Dataset records:
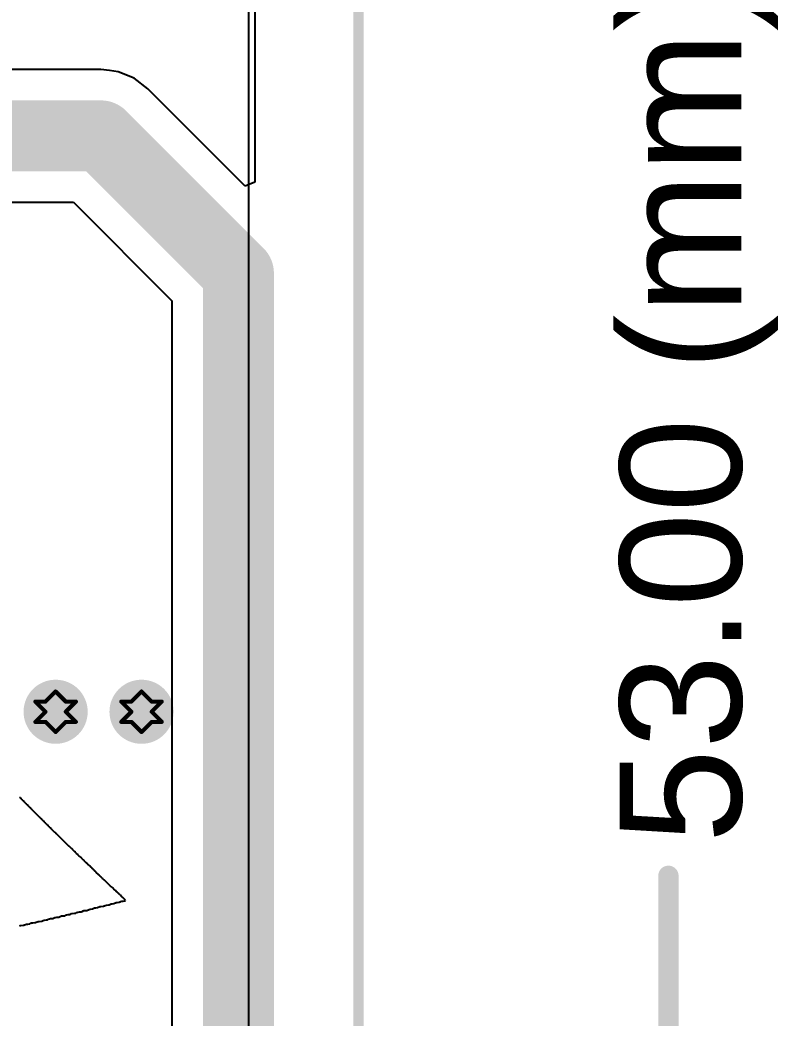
# Model space of a CAD drawing. Header units: inches. Extents: x 0 to 12.7, y -0.1 to 3.5.
# Drawn here: x 1.1323 to 1.506, y 0.5391 to 1.0315 of the extents above; entities that cross this region are included whole.
import ezdxf

# ---------------------------------------------------------------- set-up
doc = ezdxf.new("R2010")
doc.units = ezdxf.units.IN
doc.header["$MEASUREMENT"] = 0
for name, color, linetype in [('Board Outline', 216, 'Continuous'), ('Bottom Layer', 5, 'Continuous'), ('Bottom Overlay', 54, 'Continuous'), ('Bottom Solder', 6, 'Continuous'), ('Dimensions', 6, 'Continuous'), ('Drill Drawing', 1, 'Continuous'), ('Top Layer', 1, 'Continuous'), ('Top Solder', 216, 'Continuous'), ('Via Holes', 16, 'Continuous')]:
    doc.layers.add(name, color=color, linetype=linetype)
doc.styles.add('Arial', font='', dxfattribs={"height": 0.2})
doc.styles.get('Arial').set_extended_font_data('Arial')

msp = doc.modelspace()

# ---------------------------------------------------------------- hatches: boundary and pattern name
at = {"layer": 'Bottom Layer'}
h = msp.add_hatch(color=5, dxfattribs=at)
edge = h.paths.add_edge_path()
edge.add_arc((1.14986, 0.69018), 0.01181, 0, 360)
h = msp.add_hatch(color=5, dxfattribs=at)
edge = h.paths.add_edge_path()
edge.add_arc((1.19221, 0.69018), 0.01181, 0, 360)
at = {"layer": 'Bottom Solder'}
h = msp.add_hatch(color=6, dxfattribs=at)
edge = h.paths.add_edge_path()
edge.add_arc((1.14986, 0.69018), 0.01581, 0, 360)
h = msp.add_hatch(color=6, dxfattribs=at)
edge = h.paths.add_edge_path()
edge.add_arc((1.19221, 0.69018), 0.01581, 0, 360)
at = {"layer": 'Top Layer'}
h = msp.add_hatch(color=1, dxfattribs=at)
edge = h.paths.add_edge_path()
edge.add_arc((1.14986, 0.69018), 0.01181, 0, 360)
h = msp.add_hatch(color=1, dxfattribs=at)
edge = h.paths.add_edge_path()
edge.add_arc((1.19221, 0.69018), 0.01181, 0, 360)
at = {"layer": 'Top Solder'}
h = msp.add_hatch(color=216, dxfattribs=at)
edge = h.paths.add_edge_path()
edge.add_arc((1.14986, 0.69018), 0.01581, 0, 360)
h = msp.add_hatch(color=216, dxfattribs=at)
edge = h.paths.add_edge_path()
edge.add_arc((1.19221, 0.69018), 0.01581, 0, 360)
at = {"layer": 'Via Holes'}
h = msp.add_hatch(color=7, dxfattribs=at)
edge = h.paths.add_edge_path()
edge.add_arc((1.14986, 0.69018), 0.00591, 0, 360)
h = msp.add_hatch(color=7, dxfattribs=at)
edge = h.paths.add_edge_path()
edge.add_arc((1.19221, 0.69018), 0.00591, 0, 360)

# ---------------------------------------------------------------- linework, layer by layer
at = {"layer": 'Board Outline'}
msp.add_lwpolyline([(1.29921, 0, 0.005, 0.005, 0), (1.29921, 1.95441, 0.005, 0.005, 0)], format="xyseb", dxfattribs=at)
at = {"layer": 'Bottom Layer'}
msp.add_line((1.245, 1.89673), (1.245, 0.04712), dxfattribs=at)
at = {"layer": 'Bottom Overlay'}
for p, q in [((1.1323, 0.64788), (1.13216, 0.64795)), ((1.13233, 0.64778), (1.1323, 0.64788)), ((1.13272, 0.6474), (1.13233, 0.64778)), ((1.13296, 0.64722), (1.13272, 0.6474)), ((1.13303, 0.64708), (1.13296, 0.64722)), ((1.13348, 0.64663), (1.13303, 0.64708)), ((1.13362, 0.64656), (1.13348, 0.64663)), ((1.13365, 0.64646), (1.13362, 0.64656)), ((1.13404, 0.64608), (1.13365, 0.64646)), ((1.13428, 0.6459), (1.13404, 0.64608)), ((1.13435, 0.64576), (1.13428, 0.6459)), ((1.1348, 0.64531), (1.13435, 0.64576)), ((1.13494, 0.64524), (1.1348, 0.64531)), ((1.13498, 0.64514), (1.13494, 0.64524)), ((1.1355, 0.64461), (1.13498, 0.64514)), ((1.13564, 0.64454), (1.1355, 0.64461)), ((1.13567, 0.64444), (1.13564, 0.64454)), ((1.13605, 0.64406), (1.13567, 0.64444)), ((1.1363, 0.64388), (1.13605, 0.64406)), ((1.13637, 0.64374), (1.1363, 0.64388)), ((1.13682, 0.64329), (1.13637, 0.64374)), ((1.13696, 0.64322), (1.13682, 0.64329)), ((1.13699, 0.64312), (1.13696, 0.64322)), ((1.13738, 0.64274), (1.13699, 0.64312)), ((1.13762, 0.64256), (1.13738, 0.64274)), ((1.13769, 0.64242), (1.13762, 0.64256)), ((1.13814, 0.64197), (1.13769, 0.64242)), ((1.13828, 0.6419), (1.13814, 0.64197)), ((1.13832, 0.6418), (1.13828, 0.6419)), ((1.13884, 0.64127), (1.13832, 0.6418)), ((1.13898, 0.6412), (1.13884, 0.64127)), ((1.13901, 0.6411), (1.13898, 0.6412)), ((1.13939, 0.64072), (1.13901, 0.6411)), ((1.13964, 0.64054), (1.13939, 0.64072)), ((1.13971, 0.6404), (1.13964, 0.64054)), ((1.14016, 0.63995), (1.13971, 0.6404)), ((1.1403, 0.63988), (1.14016, 0.63995)), ((1.14033, 0.63978), (1.1403, 0.63988)), ((1.14072, 0.6394), (1.14033, 0.63978)), ((1.14096, 0.63922), (1.14072, 0.6394)), ((1.14103, 0.63908), (1.14096, 0.63922)), ((1.14148, 0.63863), (1.14103, 0.63908)), ((1.14162, 0.63856), (1.14148, 0.63863)), ((1.14166, 0.63846), (1.14162, 0.63856)), ((1.14218, 0.63793), (1.14166, 0.63846)), ((1.14232, 0.63787), (1.14218, 0.63793)), ((1.14235, 0.63776), (1.14232, 0.63787)), ((1.14273, 0.63738), (1.14235, 0.63776)), ((1.14298, 0.6372), (1.14273, 0.63738)), ((1.14305, 0.63706), (1.14298, 0.6372)), ((1.1435, 0.63661), (1.14305, 0.63706)), ((1.14364, 0.63654), (1.1435, 0.63661)), ((1.14367, 0.63644), (1.14364, 0.63654)), ((1.14406, 0.63606), (1.14367, 0.63644)), ((1.1443, 0.63588), (1.14406, 0.63606)), ((1.14437, 0.63574), (1.1443, 0.63588)), ((1.14482, 0.63529), (1.14437, 0.63574)), ((1.14496, 0.63522), (1.14482, 0.63529)), ((1.145, 0.63512), (1.14496, 0.63522)), ((1.14552, 0.63459), (1.145, 0.63512)), ((1.14566, 0.63453), (1.14552, 0.63459)), ((1.14569, 0.63442), (1.14566, 0.63453)), ((1.14607, 0.63404), (1.14569, 0.63442)), ((1.14632, 0.63386), (1.14607, 0.63404)), ((1.14639, 0.63372), (1.14632, 0.63386)), ((1.14684, 0.63327), (1.14639, 0.63372)), ((1.14698, 0.6332), (1.14684, 0.63327)), ((1.14701, 0.6331), (1.14698, 0.6332)), ((1.1474, 0.63272), (1.14701, 0.6331)), ((1.14764, 0.63254), (1.1474, 0.63272)), ((1.14771, 0.6324), (1.14764, 0.63254)), ((1.14816, 0.63195), (1.14771, 0.6324)), ((1.1483, 0.63188), (1.14816, 0.63195)), ((1.14834, 0.63178), (1.1483, 0.63188)), ((1.14886, 0.63125), (1.14834, 0.63178)), ((1.149, 0.63119), (1.14886, 0.63125)), ((1.14903, 0.63108), (1.149, 0.63119)), ((1.14917, 0.63094), (1.14903, 0.63108)), ((1.14924, 0.6308), (1.14917, 0.63094)), ((1.14948, 0.63063), (1.14924, 0.6308)), ((1.14962, 0.63056), (1.14948, 0.63063)), ((1.15018, 0.63), (1.14962, 0.63056)), ((1.15032, 0.62993), (1.15018, 0.63)), ((1.1563, 0.62395), (1.15032, 0.62993)), ((1.15644, 0.62388), (1.1563, 0.62395)), ((1.15658, 0.62374), (1.15644, 0.62388)), ((1.15672, 0.62367), (1.15658, 0.62374)), ((1.15721, 0.62318), (1.15672, 0.62367)), ((1.15735, 0.62311), (1.15721, 0.62318)), ((1.15759, 0.62287), (1.15735, 0.62311)), ((1.15766, 0.62273), (1.15759, 0.62287)), ((1.15783, 0.62256), (1.15766, 0.62273)), ((1.15797, 0.62249), (1.15783, 0.62256)), ((1.15829, 0.62217), (1.15797, 0.62249)), ((1.15836, 0.62204), (1.15829, 0.62217)), ((1.15853, 0.62186), (1.15836, 0.62204)), ((1.15867, 0.62179), (1.15853, 0.62186)), ((1.15891, 0.62155), (1.15867, 0.62179)), ((1.15898, 0.62141), (1.15891, 0.62155)), ((1.15923, 0.62117), (1.15898, 0.62141)), ((1.15936, 0.6211), (1.15923, 0.62117)), ((1.15961, 0.62085), (1.15936, 0.6211)), ((1.15968, 0.62071), (1.15961, 0.62085)), ((1.15985, 0.62054), (1.15968, 0.62071)), ((1.15999, 0.62047), (1.15985, 0.62054)), ((1.1603, 0.62016), (1.15999, 0.62047)), ((1.16037, 0.62002), (1.1603, 0.62016)), ((1.16055, 0.61984), (1.16037, 0.62002)), ((1.16069, 0.61977), (1.16055, 0.61984)), ((1.16093, 0.61953), (1.16069, 0.61977)), ((1.161, 0.61939), (1.16093, 0.61953)), ((1.16117, 0.61922), (1.161, 0.61939)), ((1.16131, 0.61915), (1.16117, 0.61922)), ((1.16173, 0.61873), (1.16131, 0.61915)), ((1.16222, 0.61845), (1.16173, 0.61873)), ((1.16232, 0.61835), (1.16222, 0.61845)), ((1.16239, 0.61821), (1.16232, 0.61835)), ((1.1627, 0.6179), (1.16239, 0.61821)), ((1.16284, 0.61783), (1.1627, 0.6179)), ((1.16295, 0.61772), (1.16284, 0.61783)), ((1.16302, 0.61758), (1.16295, 0.61772)), ((1.16333, 0.61727), (1.16302, 0.61758)), ((1.16347, 0.6172), (1.16333, 0.61727)), ((1.16364, 0.61703), (1.16347, 0.6172)), ((1.16371, 0.61689), (1.16364, 0.61703)), ((1.16403, 0.61657), (1.16371, 0.61689)), ((1.16417, 0.6165), (1.16403, 0.61657)), ((1.16434, 0.61633), (1.16417, 0.6165)), ((1.16441, 0.61619), (1.16434, 0.61633)), ((1.16472, 0.61588), (1.16441, 0.61619)), ((1.16486, 0.61581), (1.16472, 0.61588)), ((1.16497, 0.6157), (1.16486, 0.61581)), ((1.16504, 0.61556), (1.16497, 0.6157)), ((1.16535, 0.61525), (1.16504, 0.61556)), ((1.16549, 0.61518), (1.16535, 0.61525)), ((1.16566, 0.61501), (1.16549, 0.61518)), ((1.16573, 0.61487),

Task statement: Every line in the data above that contains the word "Bottom" should be copied.

Answer to this problem:
for name, color, linetype in [('Board Outline', 216, 'Continuous'), ('Bottom Layer', 5, 'Continuous'), ('Bottom Overlay', 54, 'Continuous'), ('Bottom Solder', 6, 'Continuous'), ('Dimensions', 6, 'Continuous'), ('Drill Drawing', 1, 'Continuous'), ('Top Layer', 1, 'Continuous'), ('Top Solder', 216, 'Continuous'), ('Via Holes', 16, 'Continuous')]:
at = {"layer": 'Bottom Layer'}
at = {"layer": 'Bottom Solder'}
at = {"layer": 'Bottom Layer'}
at = {"layer": 'Bottom Overlay'}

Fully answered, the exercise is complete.